Abstract
The lecture 5 gave an illustration of the theory of active gels by discussing the stability of a thin film of nematic active liquid on a solid substrate. The anchoring condition on both surfaces, the solid and the free surface, is that the orientation of the liquid components is parallel to the surface. The state in which the liquid orientation is parallel throughout the film and the film does not flow is a stationary state that satisfies the equations of active gel theory. However, if the film thickness is greater than a critical thickness, this stationary state is unstable. The stable state is one in which the orientation varies across the film thickness and the film flows with a velocity field parallel to the surfaces. The critical film thickness lc is inversely proportional to the square root of the active stress. This transition is analogous to the Fréedericksz transition of a passive nematic liquid film in an external electric or magnetic field, but in this problem there is no external field, and it is the active (internal) stress that plays the role of the external field.
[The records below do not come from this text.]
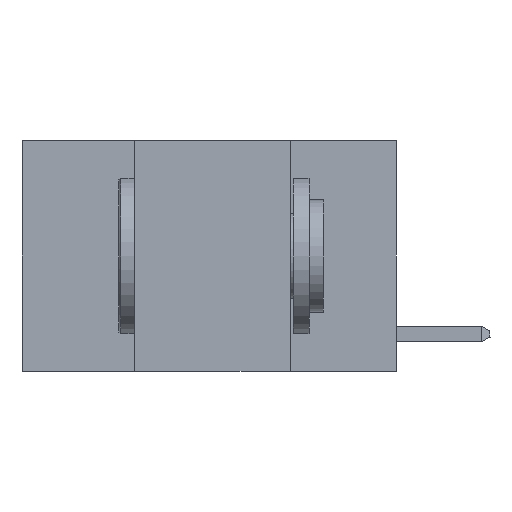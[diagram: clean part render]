
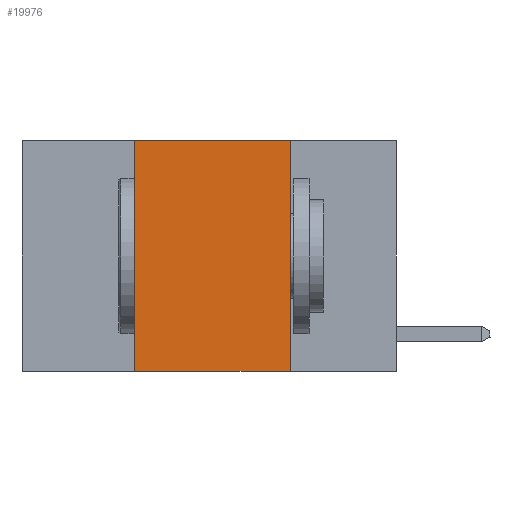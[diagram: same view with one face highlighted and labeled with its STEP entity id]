
A CAD part, left-side view. The second image highlights one B-rep face of the part: STEP entity #19976.
In plain terms, the highlighted planar face has unit normal (-1, 0, 0).
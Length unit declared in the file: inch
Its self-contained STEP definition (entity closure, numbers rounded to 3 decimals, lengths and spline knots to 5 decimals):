
#811 = CARTESIAN_POINT ( 'NONE',  ( 0., 0.6, -0.37 ) ) ;
#1515 = LINE ( 'NONE', #15786, #21952 ) ;
#3855 = VECTOR ( 'NONE', #8216, 39.37008 ) ;
#4267 = CARTESIAN_POINT ( 'NONE',  ( 0., 0.42, -0.37 ) ) ;
#4296 = DIRECTION ( 'NONE',  ( 0., 0., -1. ) ) ;
#5598 = EDGE_LOOP ( 'NONE', ( #11204, #22948, #25373, #24938 ) ) ;
#5846 = AXIS2_PLACEMENT_3D ( 'NONE', #16634, #26638, #24480 ) ;
#7760 = CARTESIAN_POINT ( 'NONE',  ( 0., 0.17, -0.37 ) ) ;
#8216 = DIRECTION ( 'NONE',  ( 0., -1., 0. ) ) ;
#11204 = ORIENTED_EDGE ( 'NONE', *, *, #13120, .F. ) ;
#12721 = CARTESIAN_POINT ( 'NONE',  ( 0., 0.17, 0. ) ) ;
#13120 = EDGE_CURVE ( 'NONE', #20491, #15651, #15026, .T. ) ;
#14843 = VERTEX_POINT ( 'NONE', #4267 ) ;
#15026 = LINE ( 'NONE', #12721, #22082 ) ;
#15651 = VERTEX_POINT ( 'NONE', #7760 ) ;
#15786 = CARTESIAN_POINT ( 'NONE',  ( 0., 0.42, 0. ) ) ;
#16363 = LINE ( 'NONE', #22736, #3855 ) ;
#16634 = CARTESIAN_POINT ( 'NONE',  ( 0., 0.6, 0. ) ) ;
#16854 = CARTESIAN_POINT ( 'NONE',  ( 0., 0.42, 0. ) ) ;
#16952 = VECTOR ( 'NONE', #23356, 39.37008 ) ;
#17500 = VERTEX_POINT ( 'NONE', #16854 ) ;
#18259 = PLANE ( 'NONE',  #5846 ) ;
#19092 = CARTESIAN_POINT ( 'NONE',  ( 0., 0.17, 0. ) ) ;
#19558 = LINE ( 'NONE', #811, #16952 ) ;
#19976 = ADVANCED_FACE ( 'NONE', ( #20706 ), #18259, .F. ) ;
#20491 = VERTEX_POINT ( 'NONE', #19092 ) ;
#20706 = FACE_OUTER_BOUND ( 'NONE', #5598, .T. ) ;
#21952 = VECTOR ( 'NONE', #22151, 39.37008 ) ;
#22082 = VECTOR ( 'NONE', #4296, 39.37008 ) ;
#22151 = DIRECTION ( 'NONE',  ( 0., 0., 1. ) ) ;
#22497 = EDGE_CURVE ( 'NONE', #14843, #17500, #1515, .T. ) ;
#22736 = CARTESIAN_POINT ( 'NONE',  ( 0., 0.6, 0. ) ) ;
#22948 = ORIENTED_EDGE ( 'NONE', *, *, #24463, .F. ) ;
#23356 = DIRECTION ( 'NONE',  ( 0., -1., 0. ) ) ;
#24078 = EDGE_CURVE ( 'NONE', #14843, #15651, #19558, .T. ) ;
#24463 = EDGE_CURVE ( 'NONE', #17500, #20491, #16363, .T. ) ;
#24480 = DIRECTION ( 'NONE',  ( 0., 0., -1. ) ) ;
#24938 = ORIENTED_EDGE ( 'NONE', *, *, #24078, .T. ) ;
#25373 = ORIENTED_EDGE ( 'NONE', *, *, #22497, .F. ) ;
#26638 = DIRECTION ( 'NONE',  ( 1., 0., 0. ) ) ;

Although we predicted this transition some ten years ago with J. Prost and Raphael Voituriez, it has only recently been observed by Pascal Silberzan's team at the Curie Institute. This team studied bands of elongated cells with a nematic order and observed, for fairly large bands, the appearance of spontaneous cell shear flow. This flow is well described by the theory of active gels.
A calculation quite similar to that for nematic film instability shows that the no-flow quiescent state of a macroscopic-sized active nematic liquid is not stable, and spontaneous flow occurs. All perturbations with wavelengths greater than the critical length lc are unstable.